Below are some records. Print exactly the lines between the one holding "Line((-17.2517054, -14.45768), (-17.2517054, -12.24788))" and the one holding "-11.867623968), (-14.561104527, -12.403872792))", inclusive, and nothing else.

[Stored dataset items]
══════════════════════════════
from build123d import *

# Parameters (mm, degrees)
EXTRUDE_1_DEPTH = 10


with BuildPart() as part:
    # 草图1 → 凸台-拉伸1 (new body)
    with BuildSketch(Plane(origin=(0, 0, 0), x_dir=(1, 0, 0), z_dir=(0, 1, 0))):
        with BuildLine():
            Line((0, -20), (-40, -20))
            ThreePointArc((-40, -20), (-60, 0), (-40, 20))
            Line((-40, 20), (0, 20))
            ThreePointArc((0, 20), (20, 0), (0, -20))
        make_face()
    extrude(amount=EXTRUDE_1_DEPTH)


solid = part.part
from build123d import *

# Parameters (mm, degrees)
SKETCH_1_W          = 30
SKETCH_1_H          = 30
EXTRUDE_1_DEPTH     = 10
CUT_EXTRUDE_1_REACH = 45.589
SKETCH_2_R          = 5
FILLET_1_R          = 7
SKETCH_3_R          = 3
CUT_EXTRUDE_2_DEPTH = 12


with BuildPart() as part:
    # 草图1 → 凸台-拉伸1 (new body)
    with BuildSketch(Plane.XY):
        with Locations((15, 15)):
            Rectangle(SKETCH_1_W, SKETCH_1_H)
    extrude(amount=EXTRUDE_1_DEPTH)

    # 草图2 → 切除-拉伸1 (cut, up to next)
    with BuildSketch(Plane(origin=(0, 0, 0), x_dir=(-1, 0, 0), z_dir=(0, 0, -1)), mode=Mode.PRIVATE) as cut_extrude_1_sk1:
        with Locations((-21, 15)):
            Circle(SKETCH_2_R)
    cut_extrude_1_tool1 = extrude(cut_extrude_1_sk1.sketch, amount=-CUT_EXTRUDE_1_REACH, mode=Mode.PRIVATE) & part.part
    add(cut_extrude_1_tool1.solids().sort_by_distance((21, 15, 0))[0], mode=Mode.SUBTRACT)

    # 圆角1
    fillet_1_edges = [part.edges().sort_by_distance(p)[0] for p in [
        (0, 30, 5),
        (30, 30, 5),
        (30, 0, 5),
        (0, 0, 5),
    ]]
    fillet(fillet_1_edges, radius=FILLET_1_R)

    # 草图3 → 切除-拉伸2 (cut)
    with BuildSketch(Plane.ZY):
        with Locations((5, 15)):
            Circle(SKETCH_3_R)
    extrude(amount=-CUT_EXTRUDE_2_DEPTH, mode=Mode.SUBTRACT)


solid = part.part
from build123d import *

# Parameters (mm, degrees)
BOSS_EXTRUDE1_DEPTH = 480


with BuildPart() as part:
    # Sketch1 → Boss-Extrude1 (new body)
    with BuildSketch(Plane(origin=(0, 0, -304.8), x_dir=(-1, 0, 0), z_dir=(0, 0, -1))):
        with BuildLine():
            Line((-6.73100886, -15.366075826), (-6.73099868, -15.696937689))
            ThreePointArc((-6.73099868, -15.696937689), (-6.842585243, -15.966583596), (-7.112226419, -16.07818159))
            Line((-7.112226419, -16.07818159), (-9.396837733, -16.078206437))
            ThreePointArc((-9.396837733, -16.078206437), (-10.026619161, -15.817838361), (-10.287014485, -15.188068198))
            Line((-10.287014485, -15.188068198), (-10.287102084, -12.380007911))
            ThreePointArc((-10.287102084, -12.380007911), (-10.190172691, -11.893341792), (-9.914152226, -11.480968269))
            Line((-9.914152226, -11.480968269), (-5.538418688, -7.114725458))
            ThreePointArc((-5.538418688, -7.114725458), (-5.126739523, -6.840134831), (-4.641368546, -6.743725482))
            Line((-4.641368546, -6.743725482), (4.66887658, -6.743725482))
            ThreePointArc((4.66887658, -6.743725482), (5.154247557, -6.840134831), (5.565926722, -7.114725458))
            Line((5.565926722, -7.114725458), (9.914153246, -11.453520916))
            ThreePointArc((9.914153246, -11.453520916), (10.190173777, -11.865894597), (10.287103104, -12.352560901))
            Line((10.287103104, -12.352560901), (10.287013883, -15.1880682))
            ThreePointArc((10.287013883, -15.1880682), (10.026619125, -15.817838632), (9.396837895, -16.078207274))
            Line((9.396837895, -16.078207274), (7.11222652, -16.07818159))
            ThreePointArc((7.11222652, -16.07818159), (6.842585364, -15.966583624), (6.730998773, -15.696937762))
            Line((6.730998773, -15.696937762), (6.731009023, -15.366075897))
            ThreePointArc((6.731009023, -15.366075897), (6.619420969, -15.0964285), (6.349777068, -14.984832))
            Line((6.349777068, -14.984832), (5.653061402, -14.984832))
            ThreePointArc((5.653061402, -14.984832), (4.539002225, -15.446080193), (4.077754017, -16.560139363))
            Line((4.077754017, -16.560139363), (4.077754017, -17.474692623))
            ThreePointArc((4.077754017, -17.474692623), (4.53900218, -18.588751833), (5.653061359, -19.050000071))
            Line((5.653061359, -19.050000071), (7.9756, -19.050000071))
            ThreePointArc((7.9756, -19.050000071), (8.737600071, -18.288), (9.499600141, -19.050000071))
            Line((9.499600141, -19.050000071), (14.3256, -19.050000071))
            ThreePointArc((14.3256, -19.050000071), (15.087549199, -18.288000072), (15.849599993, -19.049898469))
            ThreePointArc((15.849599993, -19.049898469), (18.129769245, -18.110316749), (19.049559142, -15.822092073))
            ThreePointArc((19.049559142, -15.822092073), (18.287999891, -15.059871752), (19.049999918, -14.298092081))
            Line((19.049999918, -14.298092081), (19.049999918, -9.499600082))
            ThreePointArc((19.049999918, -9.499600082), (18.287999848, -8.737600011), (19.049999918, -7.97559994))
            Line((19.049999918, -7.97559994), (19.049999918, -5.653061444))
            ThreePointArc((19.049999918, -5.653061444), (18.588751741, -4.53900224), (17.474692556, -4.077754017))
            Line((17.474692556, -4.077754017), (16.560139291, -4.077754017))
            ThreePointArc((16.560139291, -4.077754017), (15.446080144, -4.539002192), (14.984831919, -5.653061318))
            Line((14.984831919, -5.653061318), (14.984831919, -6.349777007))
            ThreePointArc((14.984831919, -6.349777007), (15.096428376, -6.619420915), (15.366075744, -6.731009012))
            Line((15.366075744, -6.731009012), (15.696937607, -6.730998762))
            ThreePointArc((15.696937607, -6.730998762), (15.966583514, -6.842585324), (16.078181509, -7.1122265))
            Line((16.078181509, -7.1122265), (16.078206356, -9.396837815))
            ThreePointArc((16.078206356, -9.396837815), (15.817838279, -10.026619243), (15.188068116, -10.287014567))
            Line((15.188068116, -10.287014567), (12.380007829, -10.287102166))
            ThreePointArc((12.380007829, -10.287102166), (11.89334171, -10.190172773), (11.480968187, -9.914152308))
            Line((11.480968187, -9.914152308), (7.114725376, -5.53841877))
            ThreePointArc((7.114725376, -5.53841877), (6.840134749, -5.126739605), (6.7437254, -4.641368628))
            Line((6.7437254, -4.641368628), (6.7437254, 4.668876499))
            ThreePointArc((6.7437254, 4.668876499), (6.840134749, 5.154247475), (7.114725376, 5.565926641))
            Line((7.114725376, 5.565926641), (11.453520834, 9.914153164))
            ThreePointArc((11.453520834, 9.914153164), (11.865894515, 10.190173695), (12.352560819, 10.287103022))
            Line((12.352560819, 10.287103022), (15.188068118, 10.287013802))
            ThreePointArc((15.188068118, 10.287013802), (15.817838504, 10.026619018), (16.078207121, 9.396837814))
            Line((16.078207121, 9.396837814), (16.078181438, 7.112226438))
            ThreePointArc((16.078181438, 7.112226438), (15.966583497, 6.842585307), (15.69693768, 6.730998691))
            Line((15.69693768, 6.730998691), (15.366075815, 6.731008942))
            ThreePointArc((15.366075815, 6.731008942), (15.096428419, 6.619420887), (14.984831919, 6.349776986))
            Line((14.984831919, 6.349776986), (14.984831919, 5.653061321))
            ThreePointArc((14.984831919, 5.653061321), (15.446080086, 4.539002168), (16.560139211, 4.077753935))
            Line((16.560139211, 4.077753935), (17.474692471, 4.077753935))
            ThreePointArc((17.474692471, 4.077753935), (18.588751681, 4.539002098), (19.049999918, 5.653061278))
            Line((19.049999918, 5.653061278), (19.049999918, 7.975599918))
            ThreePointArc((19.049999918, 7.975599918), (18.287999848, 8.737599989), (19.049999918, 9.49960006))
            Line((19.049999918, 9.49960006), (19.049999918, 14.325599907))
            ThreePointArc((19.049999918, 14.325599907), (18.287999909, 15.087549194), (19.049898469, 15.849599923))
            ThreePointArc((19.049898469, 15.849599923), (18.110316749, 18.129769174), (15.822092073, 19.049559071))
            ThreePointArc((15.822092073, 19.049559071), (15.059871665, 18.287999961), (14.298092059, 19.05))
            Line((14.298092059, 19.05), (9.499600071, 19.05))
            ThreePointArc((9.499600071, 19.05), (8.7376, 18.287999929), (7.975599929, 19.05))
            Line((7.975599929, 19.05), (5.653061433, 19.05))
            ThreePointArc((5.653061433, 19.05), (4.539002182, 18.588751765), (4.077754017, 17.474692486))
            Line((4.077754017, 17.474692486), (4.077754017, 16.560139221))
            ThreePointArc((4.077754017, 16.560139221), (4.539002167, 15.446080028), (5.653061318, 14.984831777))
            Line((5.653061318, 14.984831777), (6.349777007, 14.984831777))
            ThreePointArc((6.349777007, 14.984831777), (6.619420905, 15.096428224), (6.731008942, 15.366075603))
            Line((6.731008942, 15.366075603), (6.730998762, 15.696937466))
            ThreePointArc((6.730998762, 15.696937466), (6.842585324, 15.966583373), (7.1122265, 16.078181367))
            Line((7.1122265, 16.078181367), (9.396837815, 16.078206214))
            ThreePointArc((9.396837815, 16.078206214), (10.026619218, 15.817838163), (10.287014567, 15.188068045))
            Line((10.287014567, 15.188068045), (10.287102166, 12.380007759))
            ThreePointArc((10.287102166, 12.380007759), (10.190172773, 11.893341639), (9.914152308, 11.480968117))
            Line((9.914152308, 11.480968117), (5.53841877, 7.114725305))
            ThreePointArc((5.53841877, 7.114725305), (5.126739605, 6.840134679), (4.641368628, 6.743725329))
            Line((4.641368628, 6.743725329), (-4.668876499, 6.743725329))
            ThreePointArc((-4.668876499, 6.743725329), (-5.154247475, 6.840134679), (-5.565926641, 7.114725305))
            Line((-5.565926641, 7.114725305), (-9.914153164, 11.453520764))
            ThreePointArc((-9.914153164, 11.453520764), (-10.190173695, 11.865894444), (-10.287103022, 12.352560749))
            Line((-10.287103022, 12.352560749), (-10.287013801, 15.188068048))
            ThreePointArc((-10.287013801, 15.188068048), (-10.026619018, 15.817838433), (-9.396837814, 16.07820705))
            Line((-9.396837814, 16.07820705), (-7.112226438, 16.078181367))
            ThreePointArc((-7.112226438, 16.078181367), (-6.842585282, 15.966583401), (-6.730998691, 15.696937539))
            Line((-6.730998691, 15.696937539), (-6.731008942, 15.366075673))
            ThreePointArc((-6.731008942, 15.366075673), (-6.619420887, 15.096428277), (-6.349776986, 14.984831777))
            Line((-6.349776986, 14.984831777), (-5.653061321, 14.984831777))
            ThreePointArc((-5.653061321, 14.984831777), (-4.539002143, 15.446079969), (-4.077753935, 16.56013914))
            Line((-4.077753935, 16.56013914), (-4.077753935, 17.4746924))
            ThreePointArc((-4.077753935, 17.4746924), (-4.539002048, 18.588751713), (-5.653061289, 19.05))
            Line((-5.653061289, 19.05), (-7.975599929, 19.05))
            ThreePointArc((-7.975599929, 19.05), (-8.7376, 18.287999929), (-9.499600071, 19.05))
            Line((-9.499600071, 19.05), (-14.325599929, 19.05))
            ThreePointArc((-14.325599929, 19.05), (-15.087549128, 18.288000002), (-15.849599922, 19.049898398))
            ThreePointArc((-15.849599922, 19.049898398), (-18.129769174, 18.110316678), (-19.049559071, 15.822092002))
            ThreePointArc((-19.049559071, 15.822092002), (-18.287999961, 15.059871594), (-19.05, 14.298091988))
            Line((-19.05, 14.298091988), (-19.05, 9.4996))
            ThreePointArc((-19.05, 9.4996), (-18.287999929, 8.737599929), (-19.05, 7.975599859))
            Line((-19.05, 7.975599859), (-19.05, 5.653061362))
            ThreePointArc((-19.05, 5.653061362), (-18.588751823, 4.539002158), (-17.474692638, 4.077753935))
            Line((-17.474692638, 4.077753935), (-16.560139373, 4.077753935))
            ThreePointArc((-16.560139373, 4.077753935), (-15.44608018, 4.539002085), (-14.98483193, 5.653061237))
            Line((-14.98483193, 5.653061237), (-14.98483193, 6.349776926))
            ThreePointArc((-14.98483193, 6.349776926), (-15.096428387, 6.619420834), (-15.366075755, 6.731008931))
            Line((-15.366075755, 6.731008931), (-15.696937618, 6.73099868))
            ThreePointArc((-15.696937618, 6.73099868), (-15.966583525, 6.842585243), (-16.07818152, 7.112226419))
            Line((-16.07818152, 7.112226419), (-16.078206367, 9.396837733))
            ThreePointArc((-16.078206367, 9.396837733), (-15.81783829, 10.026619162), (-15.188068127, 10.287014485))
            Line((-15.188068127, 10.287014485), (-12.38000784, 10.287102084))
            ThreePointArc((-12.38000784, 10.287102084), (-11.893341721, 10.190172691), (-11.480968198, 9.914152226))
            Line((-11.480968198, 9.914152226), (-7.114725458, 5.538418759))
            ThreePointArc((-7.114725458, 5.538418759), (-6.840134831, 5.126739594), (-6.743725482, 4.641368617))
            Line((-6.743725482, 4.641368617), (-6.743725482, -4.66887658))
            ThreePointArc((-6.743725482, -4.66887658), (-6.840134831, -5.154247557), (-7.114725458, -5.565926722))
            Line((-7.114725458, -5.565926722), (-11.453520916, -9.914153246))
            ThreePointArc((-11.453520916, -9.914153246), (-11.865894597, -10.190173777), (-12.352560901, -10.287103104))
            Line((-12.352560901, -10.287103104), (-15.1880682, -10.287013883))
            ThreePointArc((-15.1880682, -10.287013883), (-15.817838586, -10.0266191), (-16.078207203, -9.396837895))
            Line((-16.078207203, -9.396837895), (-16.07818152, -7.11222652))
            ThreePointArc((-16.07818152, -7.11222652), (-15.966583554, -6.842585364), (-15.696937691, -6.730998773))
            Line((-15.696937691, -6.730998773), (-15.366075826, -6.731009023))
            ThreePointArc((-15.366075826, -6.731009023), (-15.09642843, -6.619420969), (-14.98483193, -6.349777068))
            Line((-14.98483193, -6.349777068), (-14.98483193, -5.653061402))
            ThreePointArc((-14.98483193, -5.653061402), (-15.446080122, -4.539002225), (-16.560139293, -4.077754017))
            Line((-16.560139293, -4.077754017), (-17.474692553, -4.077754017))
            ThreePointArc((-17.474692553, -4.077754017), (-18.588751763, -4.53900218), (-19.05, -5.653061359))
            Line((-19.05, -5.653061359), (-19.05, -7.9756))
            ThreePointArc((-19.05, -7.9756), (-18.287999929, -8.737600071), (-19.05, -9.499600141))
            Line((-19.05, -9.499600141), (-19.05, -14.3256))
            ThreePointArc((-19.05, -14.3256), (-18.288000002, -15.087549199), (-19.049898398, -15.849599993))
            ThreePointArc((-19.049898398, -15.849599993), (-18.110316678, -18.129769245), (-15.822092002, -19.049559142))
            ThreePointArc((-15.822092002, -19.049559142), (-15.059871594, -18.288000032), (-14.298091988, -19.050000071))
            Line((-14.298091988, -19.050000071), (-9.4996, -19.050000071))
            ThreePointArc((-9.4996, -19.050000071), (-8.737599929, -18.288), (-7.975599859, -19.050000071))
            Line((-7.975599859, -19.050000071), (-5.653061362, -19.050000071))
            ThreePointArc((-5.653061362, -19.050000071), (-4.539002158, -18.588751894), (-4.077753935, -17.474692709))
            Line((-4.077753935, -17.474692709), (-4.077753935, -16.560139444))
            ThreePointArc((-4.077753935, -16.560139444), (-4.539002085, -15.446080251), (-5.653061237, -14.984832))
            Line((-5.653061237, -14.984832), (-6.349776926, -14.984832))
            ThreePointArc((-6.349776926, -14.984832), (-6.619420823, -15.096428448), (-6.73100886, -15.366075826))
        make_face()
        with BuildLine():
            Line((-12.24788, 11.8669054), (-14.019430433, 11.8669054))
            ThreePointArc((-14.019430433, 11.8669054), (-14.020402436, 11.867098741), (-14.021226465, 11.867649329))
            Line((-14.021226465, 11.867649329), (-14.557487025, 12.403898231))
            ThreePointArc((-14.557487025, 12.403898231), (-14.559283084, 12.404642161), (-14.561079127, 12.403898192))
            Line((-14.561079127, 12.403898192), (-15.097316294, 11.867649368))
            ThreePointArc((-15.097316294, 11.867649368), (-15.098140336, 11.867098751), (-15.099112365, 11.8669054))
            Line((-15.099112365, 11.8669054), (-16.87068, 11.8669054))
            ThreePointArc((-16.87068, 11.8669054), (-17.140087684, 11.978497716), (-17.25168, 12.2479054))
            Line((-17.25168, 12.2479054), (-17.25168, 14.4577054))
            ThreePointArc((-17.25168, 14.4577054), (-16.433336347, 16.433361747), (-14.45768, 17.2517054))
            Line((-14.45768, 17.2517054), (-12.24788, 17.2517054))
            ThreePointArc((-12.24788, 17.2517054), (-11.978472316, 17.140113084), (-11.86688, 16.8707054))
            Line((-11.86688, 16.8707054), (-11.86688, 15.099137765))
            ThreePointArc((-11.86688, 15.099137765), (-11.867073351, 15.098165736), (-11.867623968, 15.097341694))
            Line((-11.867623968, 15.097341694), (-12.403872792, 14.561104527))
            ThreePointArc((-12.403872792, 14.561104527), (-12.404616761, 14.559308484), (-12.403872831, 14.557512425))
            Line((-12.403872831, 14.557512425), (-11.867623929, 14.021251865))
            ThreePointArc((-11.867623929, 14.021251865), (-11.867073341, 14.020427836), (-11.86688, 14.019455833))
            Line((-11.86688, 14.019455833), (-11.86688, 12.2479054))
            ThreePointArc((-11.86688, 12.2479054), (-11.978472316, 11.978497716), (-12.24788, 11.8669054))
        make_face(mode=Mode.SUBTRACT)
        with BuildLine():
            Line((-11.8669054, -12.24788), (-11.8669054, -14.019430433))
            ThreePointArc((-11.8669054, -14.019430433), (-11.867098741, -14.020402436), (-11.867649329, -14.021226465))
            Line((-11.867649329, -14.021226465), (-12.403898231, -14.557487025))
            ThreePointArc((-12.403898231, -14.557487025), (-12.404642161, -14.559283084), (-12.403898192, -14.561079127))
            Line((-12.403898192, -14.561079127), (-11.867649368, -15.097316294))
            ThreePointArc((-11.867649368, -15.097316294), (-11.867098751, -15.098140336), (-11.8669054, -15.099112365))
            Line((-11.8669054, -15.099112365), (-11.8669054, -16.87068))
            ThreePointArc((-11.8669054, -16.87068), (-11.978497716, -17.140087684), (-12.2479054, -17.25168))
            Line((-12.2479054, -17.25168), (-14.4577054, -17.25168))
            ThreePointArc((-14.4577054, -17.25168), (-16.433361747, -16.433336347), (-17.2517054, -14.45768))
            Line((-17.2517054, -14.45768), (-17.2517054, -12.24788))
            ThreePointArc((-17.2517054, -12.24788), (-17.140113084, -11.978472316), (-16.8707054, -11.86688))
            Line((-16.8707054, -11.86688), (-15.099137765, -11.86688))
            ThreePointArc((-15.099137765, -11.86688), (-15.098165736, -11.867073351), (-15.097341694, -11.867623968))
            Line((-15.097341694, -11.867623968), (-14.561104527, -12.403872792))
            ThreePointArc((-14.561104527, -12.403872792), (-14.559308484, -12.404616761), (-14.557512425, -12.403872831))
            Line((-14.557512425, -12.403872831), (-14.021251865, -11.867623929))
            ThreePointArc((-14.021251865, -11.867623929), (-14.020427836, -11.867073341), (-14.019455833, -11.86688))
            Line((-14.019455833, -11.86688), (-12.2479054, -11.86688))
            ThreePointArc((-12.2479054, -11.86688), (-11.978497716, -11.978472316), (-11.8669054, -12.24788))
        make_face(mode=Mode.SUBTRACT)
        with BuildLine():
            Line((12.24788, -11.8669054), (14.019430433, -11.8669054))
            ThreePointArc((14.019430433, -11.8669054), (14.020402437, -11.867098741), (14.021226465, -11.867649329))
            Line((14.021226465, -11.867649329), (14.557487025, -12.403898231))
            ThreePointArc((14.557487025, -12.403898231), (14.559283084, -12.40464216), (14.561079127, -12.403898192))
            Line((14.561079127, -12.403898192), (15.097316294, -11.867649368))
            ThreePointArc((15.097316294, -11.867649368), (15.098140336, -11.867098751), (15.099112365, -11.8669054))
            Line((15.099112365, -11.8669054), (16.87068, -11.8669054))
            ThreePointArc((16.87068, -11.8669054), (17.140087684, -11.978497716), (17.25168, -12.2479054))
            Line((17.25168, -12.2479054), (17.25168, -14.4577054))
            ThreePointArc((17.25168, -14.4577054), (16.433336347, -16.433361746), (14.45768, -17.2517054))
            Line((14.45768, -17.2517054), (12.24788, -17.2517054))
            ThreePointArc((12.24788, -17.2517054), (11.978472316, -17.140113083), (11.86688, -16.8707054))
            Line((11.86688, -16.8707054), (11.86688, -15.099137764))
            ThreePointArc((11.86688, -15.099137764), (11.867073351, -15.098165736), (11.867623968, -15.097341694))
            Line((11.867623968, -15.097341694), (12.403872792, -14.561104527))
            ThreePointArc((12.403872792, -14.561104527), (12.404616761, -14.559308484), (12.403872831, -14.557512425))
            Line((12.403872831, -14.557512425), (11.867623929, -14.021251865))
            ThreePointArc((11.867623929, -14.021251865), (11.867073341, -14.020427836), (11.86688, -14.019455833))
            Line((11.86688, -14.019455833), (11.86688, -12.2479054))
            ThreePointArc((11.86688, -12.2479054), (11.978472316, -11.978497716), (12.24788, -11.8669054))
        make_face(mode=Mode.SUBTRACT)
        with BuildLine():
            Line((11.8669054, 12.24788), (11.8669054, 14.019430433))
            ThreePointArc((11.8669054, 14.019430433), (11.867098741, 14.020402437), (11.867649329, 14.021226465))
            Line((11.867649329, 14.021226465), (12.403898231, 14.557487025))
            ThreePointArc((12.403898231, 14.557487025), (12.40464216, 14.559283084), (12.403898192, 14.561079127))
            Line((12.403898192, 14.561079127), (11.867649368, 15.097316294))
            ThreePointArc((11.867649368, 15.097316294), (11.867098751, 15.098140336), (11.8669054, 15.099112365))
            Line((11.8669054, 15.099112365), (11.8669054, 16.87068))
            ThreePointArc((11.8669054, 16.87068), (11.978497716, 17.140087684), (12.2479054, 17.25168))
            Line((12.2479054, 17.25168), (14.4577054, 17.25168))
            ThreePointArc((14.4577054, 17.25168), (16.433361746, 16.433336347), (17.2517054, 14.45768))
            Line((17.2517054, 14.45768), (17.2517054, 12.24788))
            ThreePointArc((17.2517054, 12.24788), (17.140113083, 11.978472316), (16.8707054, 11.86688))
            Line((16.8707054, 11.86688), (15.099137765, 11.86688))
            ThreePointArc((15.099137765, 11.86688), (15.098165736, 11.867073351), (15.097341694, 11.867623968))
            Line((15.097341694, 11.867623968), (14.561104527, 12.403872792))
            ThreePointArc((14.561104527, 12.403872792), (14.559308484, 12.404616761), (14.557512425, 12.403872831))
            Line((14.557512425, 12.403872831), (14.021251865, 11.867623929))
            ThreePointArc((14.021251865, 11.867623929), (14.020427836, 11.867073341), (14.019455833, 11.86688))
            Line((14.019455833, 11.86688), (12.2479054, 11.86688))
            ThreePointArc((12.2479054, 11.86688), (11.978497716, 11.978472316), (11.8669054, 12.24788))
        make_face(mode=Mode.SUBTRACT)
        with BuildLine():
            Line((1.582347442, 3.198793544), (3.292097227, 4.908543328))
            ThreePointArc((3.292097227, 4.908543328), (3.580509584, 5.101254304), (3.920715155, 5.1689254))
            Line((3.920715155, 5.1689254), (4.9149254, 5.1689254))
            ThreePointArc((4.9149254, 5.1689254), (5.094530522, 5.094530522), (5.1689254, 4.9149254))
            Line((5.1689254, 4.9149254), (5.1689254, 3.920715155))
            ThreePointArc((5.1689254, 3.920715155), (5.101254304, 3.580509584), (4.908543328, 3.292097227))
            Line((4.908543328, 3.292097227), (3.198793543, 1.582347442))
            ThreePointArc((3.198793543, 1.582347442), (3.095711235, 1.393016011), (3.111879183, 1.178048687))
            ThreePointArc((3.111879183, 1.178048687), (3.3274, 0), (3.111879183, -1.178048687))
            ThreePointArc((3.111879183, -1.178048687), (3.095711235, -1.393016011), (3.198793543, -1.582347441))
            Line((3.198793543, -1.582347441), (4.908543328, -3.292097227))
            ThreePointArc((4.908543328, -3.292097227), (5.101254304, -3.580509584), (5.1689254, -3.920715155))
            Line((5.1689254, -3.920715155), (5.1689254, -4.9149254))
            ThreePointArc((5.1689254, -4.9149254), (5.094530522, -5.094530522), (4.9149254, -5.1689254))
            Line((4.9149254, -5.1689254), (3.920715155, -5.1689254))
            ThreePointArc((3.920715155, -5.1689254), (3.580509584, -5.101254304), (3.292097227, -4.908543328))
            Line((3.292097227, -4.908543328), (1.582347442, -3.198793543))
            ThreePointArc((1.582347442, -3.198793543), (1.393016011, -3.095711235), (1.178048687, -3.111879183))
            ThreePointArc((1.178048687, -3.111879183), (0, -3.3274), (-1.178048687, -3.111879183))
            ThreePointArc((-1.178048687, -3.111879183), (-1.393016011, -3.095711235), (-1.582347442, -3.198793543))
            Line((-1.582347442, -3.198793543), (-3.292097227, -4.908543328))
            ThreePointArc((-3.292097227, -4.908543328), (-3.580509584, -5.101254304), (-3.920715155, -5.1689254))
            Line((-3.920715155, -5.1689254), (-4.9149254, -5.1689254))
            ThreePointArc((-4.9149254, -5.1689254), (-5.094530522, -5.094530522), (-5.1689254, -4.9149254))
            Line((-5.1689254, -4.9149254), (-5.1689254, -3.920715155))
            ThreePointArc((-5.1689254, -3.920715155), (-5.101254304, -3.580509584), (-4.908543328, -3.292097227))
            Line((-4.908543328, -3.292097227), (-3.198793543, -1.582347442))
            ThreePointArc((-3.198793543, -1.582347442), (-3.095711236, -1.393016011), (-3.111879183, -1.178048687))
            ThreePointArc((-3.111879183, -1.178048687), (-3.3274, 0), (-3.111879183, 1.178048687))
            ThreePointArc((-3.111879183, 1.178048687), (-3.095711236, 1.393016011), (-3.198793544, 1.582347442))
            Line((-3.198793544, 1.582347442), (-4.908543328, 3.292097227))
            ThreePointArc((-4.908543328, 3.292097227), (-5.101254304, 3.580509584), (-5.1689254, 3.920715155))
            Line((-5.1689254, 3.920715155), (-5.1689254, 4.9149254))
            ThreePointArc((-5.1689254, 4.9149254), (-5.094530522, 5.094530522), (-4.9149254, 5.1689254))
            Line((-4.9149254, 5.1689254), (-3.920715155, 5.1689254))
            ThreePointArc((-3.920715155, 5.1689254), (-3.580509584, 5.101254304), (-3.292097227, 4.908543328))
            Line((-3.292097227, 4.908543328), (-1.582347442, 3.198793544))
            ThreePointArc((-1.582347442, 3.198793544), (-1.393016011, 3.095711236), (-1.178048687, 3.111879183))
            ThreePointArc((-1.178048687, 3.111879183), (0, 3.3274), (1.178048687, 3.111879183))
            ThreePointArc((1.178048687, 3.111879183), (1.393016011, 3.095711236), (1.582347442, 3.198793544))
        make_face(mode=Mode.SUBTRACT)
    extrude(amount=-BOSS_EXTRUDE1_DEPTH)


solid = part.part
══════════════════════════════
SOLVED PROBLEM.
            Line((-17.2517054, -14.45768), (-17.2517054, -12.24788))
            ThreePointArc((-17.2517054, -12.24788), (-17.140113084, -11.978472316), (-16.8707054, -11.86688))
            Line((-16.8707054, -11.86688), (-15.099137765, -11.86688))
            ThreePointArc((-15.099137765, -11.86688), (-15.098165736, -11.867073351), (-15.097341694, -11.867623968))
            Line((-15.097341694, -11.867623968), (-14.561104527, -12.403872792))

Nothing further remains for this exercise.